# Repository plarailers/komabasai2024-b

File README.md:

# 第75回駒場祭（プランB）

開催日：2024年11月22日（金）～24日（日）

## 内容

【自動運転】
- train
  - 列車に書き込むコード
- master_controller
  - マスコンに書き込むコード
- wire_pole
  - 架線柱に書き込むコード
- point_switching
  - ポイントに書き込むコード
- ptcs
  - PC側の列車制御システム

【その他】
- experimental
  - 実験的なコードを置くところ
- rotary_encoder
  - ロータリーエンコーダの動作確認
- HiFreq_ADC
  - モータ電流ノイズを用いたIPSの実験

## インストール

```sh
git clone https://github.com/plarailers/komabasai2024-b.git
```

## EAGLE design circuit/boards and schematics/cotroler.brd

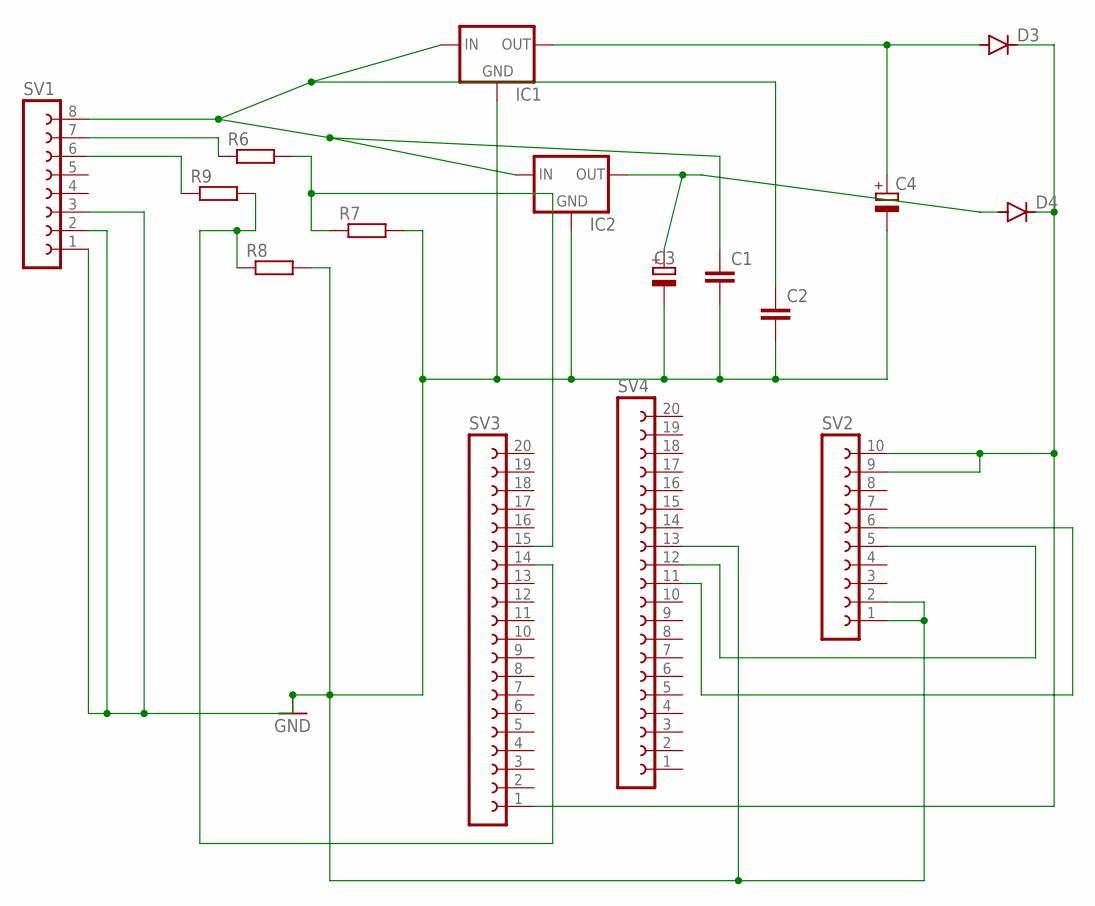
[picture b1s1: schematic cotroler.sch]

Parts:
C1, C2: C-EU025-024X044; C025-024X044
C3, C4: CPOL-EUE2.5-5; E2,5-5
D3, D4: DIODE-D-10; D-10
IC1, IC2: 78XXS
R6, R7, R8, R9: R-EU_0207/10; 0207/10
SV1: FE08-1; FE08
SV2: FE10-1; FE10
SV3, SV4: FE20-1; FE20

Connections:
GND: C1.2, C2.2, C3.-, C4.-, IC1.GND, IC2.GND, R7.2, R8.2, SV1.1, SV1.2, SV1.3, SV2.1, SV2.2, SV4.13
unnamed: R6.1, SV1.7
unnamed: SV2.5, SV4.12
unnamed: C1.1, C2.1, IC1.IN, IC2.IN, SV1.8
unnamed: R6.2, R7.1, SV3.15
unnamed: R9.1, SV1.6
unnamed: R8.1, R9.2, SV3.14
unnamed: C3.+, D4.A, IC2.OUT
unnamed: C4.+, D3.A, IC1.OUT
unnamed: SV2.6, SV4.11
unnamed: D3.C, D4.C, SV2.9, SV2.10, SV3.1

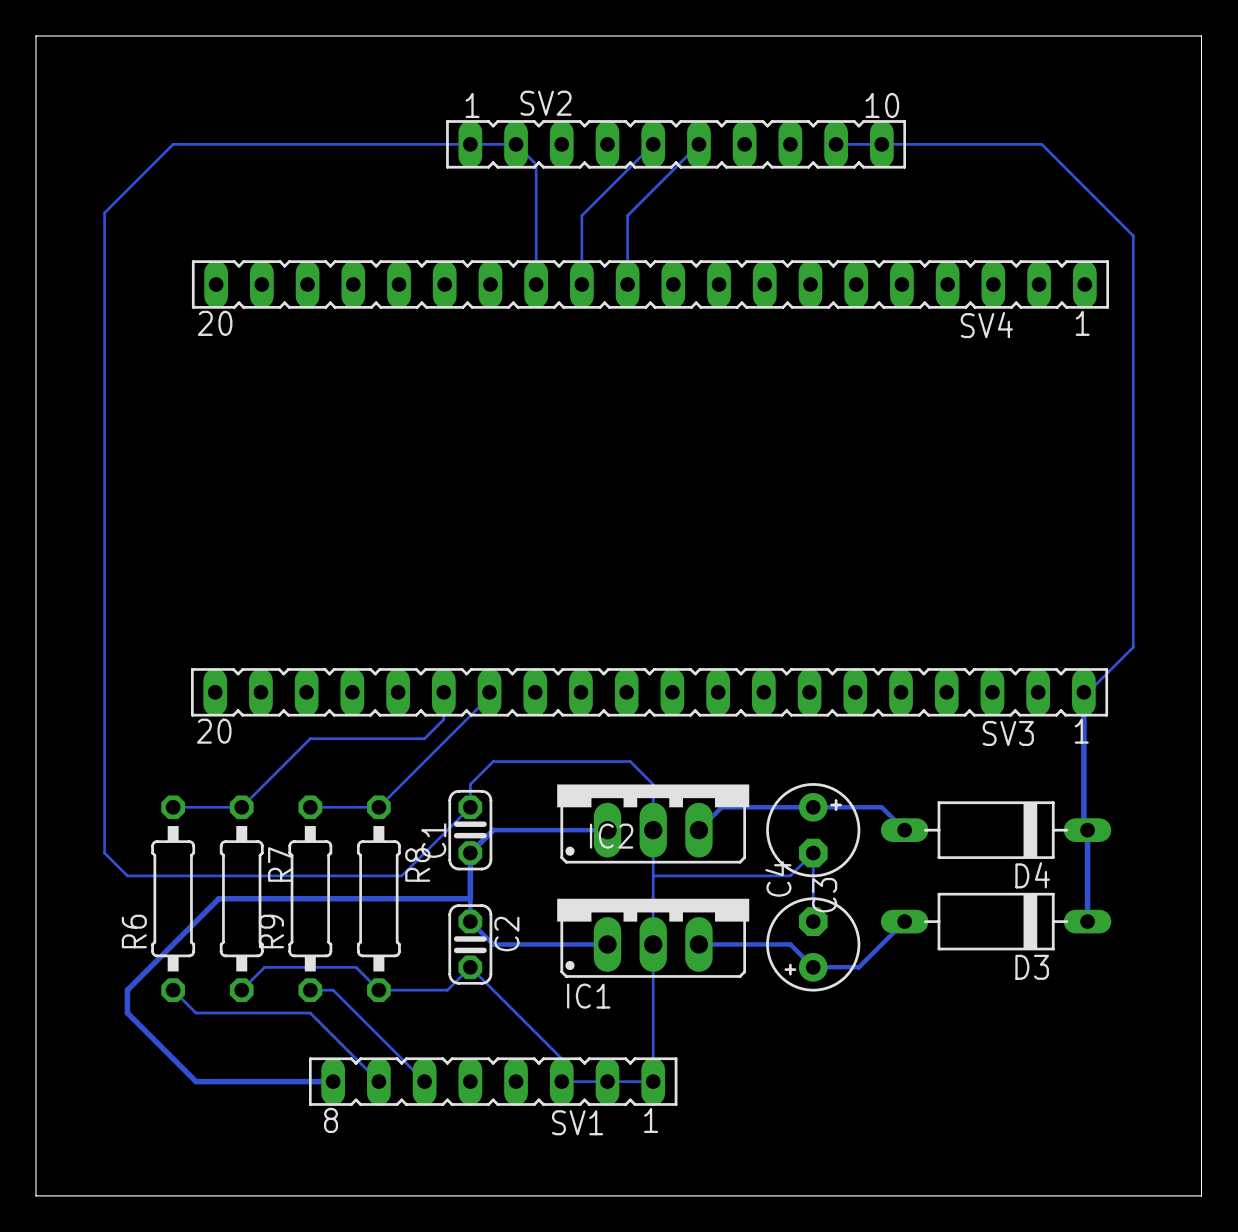
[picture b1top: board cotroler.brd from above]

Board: 2 copper layers, 64.8 x 64.4 mm, 16 parts (0 on the bottom side), 11 nets.

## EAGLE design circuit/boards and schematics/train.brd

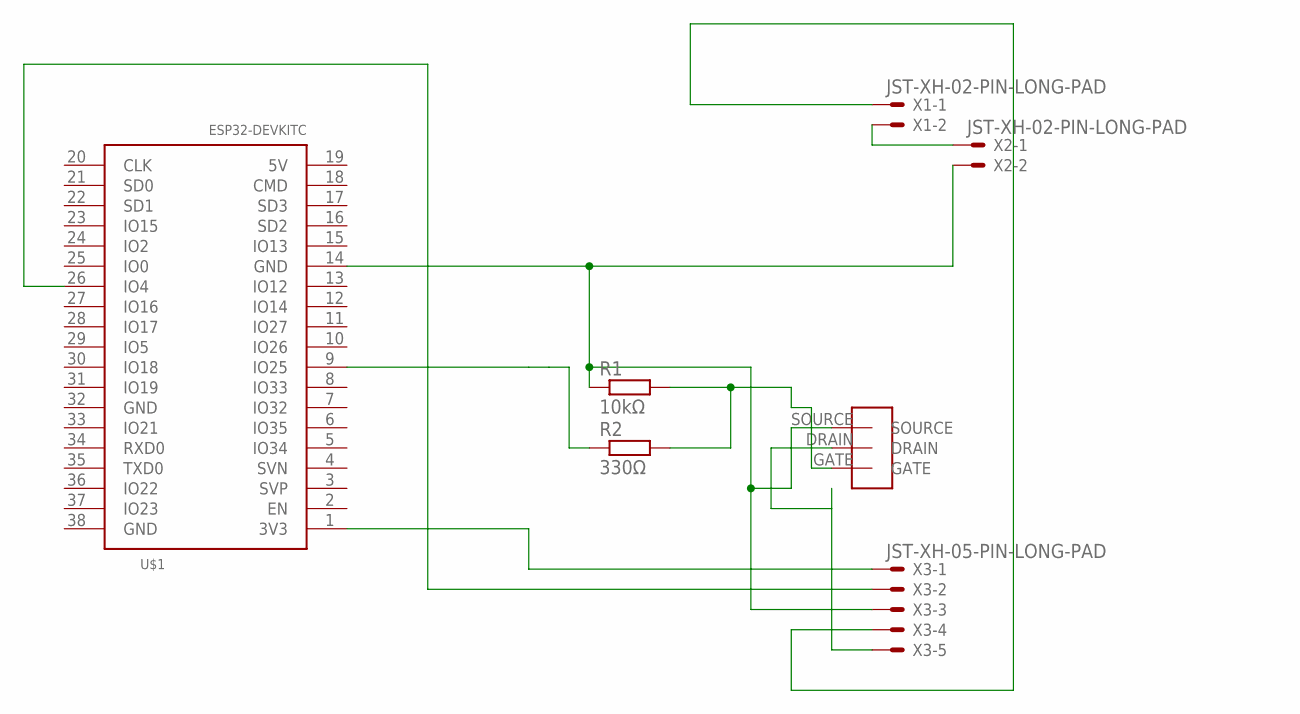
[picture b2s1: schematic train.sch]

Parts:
FET1: FET
R1: 10kΩ; 0207/10
R2: 330Ω; 0207/10
U$1: ESP32DEVKITC; ESP32-DEVKITC
X1, X2: JST-XH-02-PIN-LONG-PAD; JST-XH-02-PACKAGE-LONG-PAD
X3: JST-XH-05-PIN-LONG-PAD; JST-XH-05-PACKAGE-LONG-PAD

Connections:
unnamed: X1.1, X3.4
unnamed: FET1.SOURCE, R1.1, U$1.14 (GND), X2.2, X3.3
unnamed: FET1.GATE, R1.2, R2.2
unnamed: R2.1, U$1.9 (IO25)
unnamed: X1.2, X2.1
unnamed: U$1.1 (3V3), X3.1
unnamed: U$1.26 (IO4), X3.2
unnamed: FET1.DRAIN, X3.5

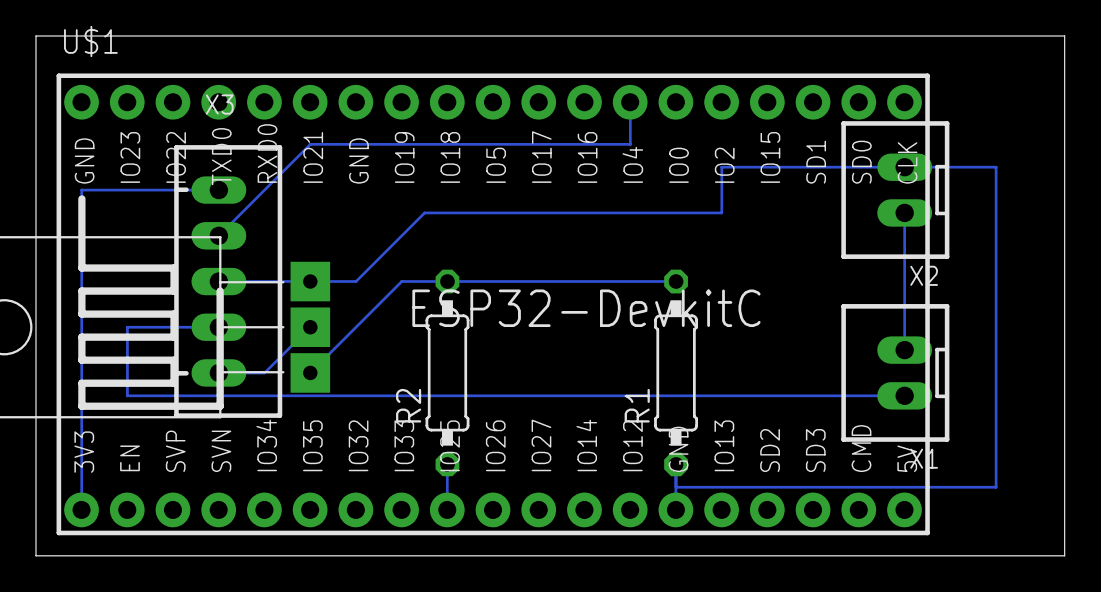
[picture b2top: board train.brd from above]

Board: 2 copper layers, 57.1 x 28.9 mm, 7 parts (0 on the bottom side), 8 nets.

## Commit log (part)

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2023-05-10 時計を自動で進める
2023-05-10 ロジックを修正
2023-05-10 待ち時間を可視化
2023-05-10 Commit from GitHub Actions (Build and commit ptcs_ui)
2023-05-10 Update test
    PCからの検証用コードを更新。サーボを4つ繋いだ時に安定して指令が送れることを確認。
2023-05-10 junction上に列車がいる場合は切り替えを禁止
2023-05-11 動作確認取れた
2023-05-11 ledcのサンプリングレートを更新
2023-05-11 フォトリフレクタと電流計の統合完了
2023-05-11 adcReadに名前変更
2023-05-11 calc_speedに停止目標の結果を反映
2023-05-11 非常発生ボタンの最終版です
2023-05-11 adcRead.hをtrain.inoに移動
2023-05-11 Add point switcher
2023-05-11 フォトリフクレクタ閾値調整
2023-05-11 Photo resetAll()を実装
2023-05-11 Fix server.py
    registerの引数の渡し方が間違っていたので修正
2023-05-11 レール長さを追加
2023-05-11 異常発生ボタンのつなぎこみ
2023-05-11 railway_configを更新
2023-05-11 IPS閾値をE5, E6, Dr(換装後)の3車両で動作確認済
2023-05-11 positionIDの場所を定義
2023-05-11 レール長の定義を移動 (一時的な策)
2023-05-11 Add Button
    異常発生ボタンと連携するためのクラスを定義
2023-05-11 Update server
    異常発生ボタンからのデータ受信用のコールバックを定義
2023-05-11 Update server
    異常発生ボタンをサーバーに組み込み
2023-05-11 Fix point_switcher
    registerの際の引数の撮り方の順番を変更
2023-05-11 Fix emergency button
    button->blocked
2023-05-11 button->blockec, ON/OFF時のサーボ角度変更
2023-05-11 Update Button
    receiveを追加
2023-05-11 すでにblockされたsectionに入っている列車は駅で止める
2023-05-11 Uターンレールを削除してレイアウト修正
2023-05-11 positionIDの検出を確実にした
2023-05-12 Update api
    ポイント切り替えのAPIにsendの処理を追加
2023-05-12 Update server
    動いてない
2023-05-12 線路長さをconstants.pyに集約
2023-05-12 列車初期位置の定義
2023-05-12 車両固有パラメータ
2023-05-12 fix t1 pos and import
2023-05-12 Fix server
    型エラー解消
2023-05-12 train_controller.pyでmotorRotationのテスト
2023-05-12 calc_direction, calc_stop, calc_speed を update に統合
2023-05-12 ブリッジ周りを整理
2023-05-12 inputを控えめにする
2023-05-12 ブリッジにセンサーと位置の対応を持たせる
2023-05-12 send と receive を整理
2023-05-12 ロギングレベルを INFO に設定
2023-05-12 速度指令をモーター入力に変換して送信
2023-05-12 横の navbar を削除 (邪魔なので)
2023-05-12 暫定版3_SerialBT不可
2023-05-12 列車に色を追加
2023-05-12 0.5 秒おきに列車とポイントに信号を送る
2023-05-12 ジャンクションの見た目を調整
2023-05-12 control.command を UI に表示
2023-05-12 センサー位置に向きの情報を持たせることで簡易的に APS を実装
2023-05-12 UI を 0.5 秒ごとに更新
2023-05-12 暫定版4_pID読み取り可
2023-05-12 👺を消した
2023-05-12 大文字小文字間違えてて草
2023-05-12 UI の表示座標を 路線図.drawio に合わせた
2023-05-12 受信キューをちゃんと消費するように修正
2023-05-12 Train::sendDataでflushを行い確実に送信する
2023-05-12 train_controller が ser のデコードを2回に1回しか行わない実装になっていたので修正
2023-05-12 基地局はTrainに接続できるまでconnectを繰り返す
2023-05-12 pyserialでポートOPENした際に基地局ESPがリセットする問題を修正
2023-05-12 flushに時間がかかった場合、基地局から切断されたと判断し停止する
2023-05-12 edit gitignore for arduino pre-compiled binary
2023-05-12 最新の基地局を反映
2023-05-12 変数・関数名を修正
2023-05-12 コンパイル通過
2023-05-12 フォトリフ閾値調整反映した
2023-05-12 Revert "受信キューをちゃんと消費するように修正"
    This reverts commit 8fd2208a3a1ff9fe2ebdff6878c580e2a1da7185.
2023-05-12 COM ポートスキャン用のコマンドを追加
2023-05-12 モーター入力値を整数にする (文字数の節約のため)
2023-05-12 とりあえず送信スレッドと受信スレッドを分離
2023-05-12 不要な while を削除
2023-05-12 一応 flush
2023-05-12 不要な while を削除、コードを整形
2023-05-12 コードを整形
2023-05-12 実測値をもとに delta_per_motor_rotation を設定
2023-05-12 停止目標の位置を調整 (センサーが中間車両 & 少し過ぎることを見越す)
2023-05-12 adcReadDoneでphotoPositionIDを更新
2023-05-12 stopに近づいていくときstop_distanceが変化しないのを修正
2023-05-12 photo_sensor1,2をsensorValue1,2に代入
2023-05-12 update を 0.1 秒ごとに呼ぶように固定
2023-05-12 lpf実装
2023-05-12 dtを1.0/ADC_SAMPLINGRATEに変更
2023-05-12 lpfコンパイル通ったわ
2023-05-12 位置を調整
2023-05-13 閾値調整
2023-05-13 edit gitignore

---

Task requirements — Transcribe the lines above exactly, beginning at the one with "- マスコンに書き込むコード" and ending at the one with "unnamed: D3.C, D4.C, SV2.9, SV2.10, SV3.1". Include both; exclude the pictures.

Answer section —
  - マスコンに書き込むコード
- wire_pole
  - 架線柱に書き込むコード
- point_switching
  - ポイントに書き込むコード
- ptcs
  - PC側の列車制御システム

【その他】
- experimental
  - 実験的なコードを置くところ
- rotary_encoder
  - ロータリーエンコーダの動作確認
- HiFreq_ADC
  - モータ電流ノイズを用いたIPSの実験

## インストール

```sh
git clone https://github.com/plarailers/komabasai2024-b.git
```

## EAGLE design circuit/boards and schematics/cotroler.brd

[picture b1s1: schematic cotroler.sch]

Parts:
C1, C2: C-EU025-024X044; C025-024X044
C3, C4: CPOL-EUE2.5-5; E2,5-5
D3, D4: DIODE-D-10; D-10
IC1, IC2: 78XXS
R6, R7, R8, R9: R-EU_0207/10; 0207/10
SV1: FE08-1; FE08
SV2: FE10-1; FE10
SV3, SV4: FE20-1; FE20

Connections:
GND: C1.2, C2.2, C3.-, C4.-, IC1.GND, IC2.GND, R7.2, R8.2, SV1.1, SV1.2, SV1.3, SV2.1, SV2.2, SV4.13
unnamed: R6.1, SV1.7
unnamed: SV2.5, SV4.12
unnamed: C1.1, C2.1, IC1.IN, IC2.IN, SV1.8
unnamed: R6.2, R7.1, SV3.15
unnamed: R9.1, SV1.6
unnamed: R8.1, R9.2, SV3.14
unnamed: C3.+, D4.A, IC2.OUT
unnamed: C4.+, D3.A, IC1.OUT
unnamed: SV2.6, SV4.11
unnamed: D3.C, D4.C, SV2.9, SV2.10, SV3.1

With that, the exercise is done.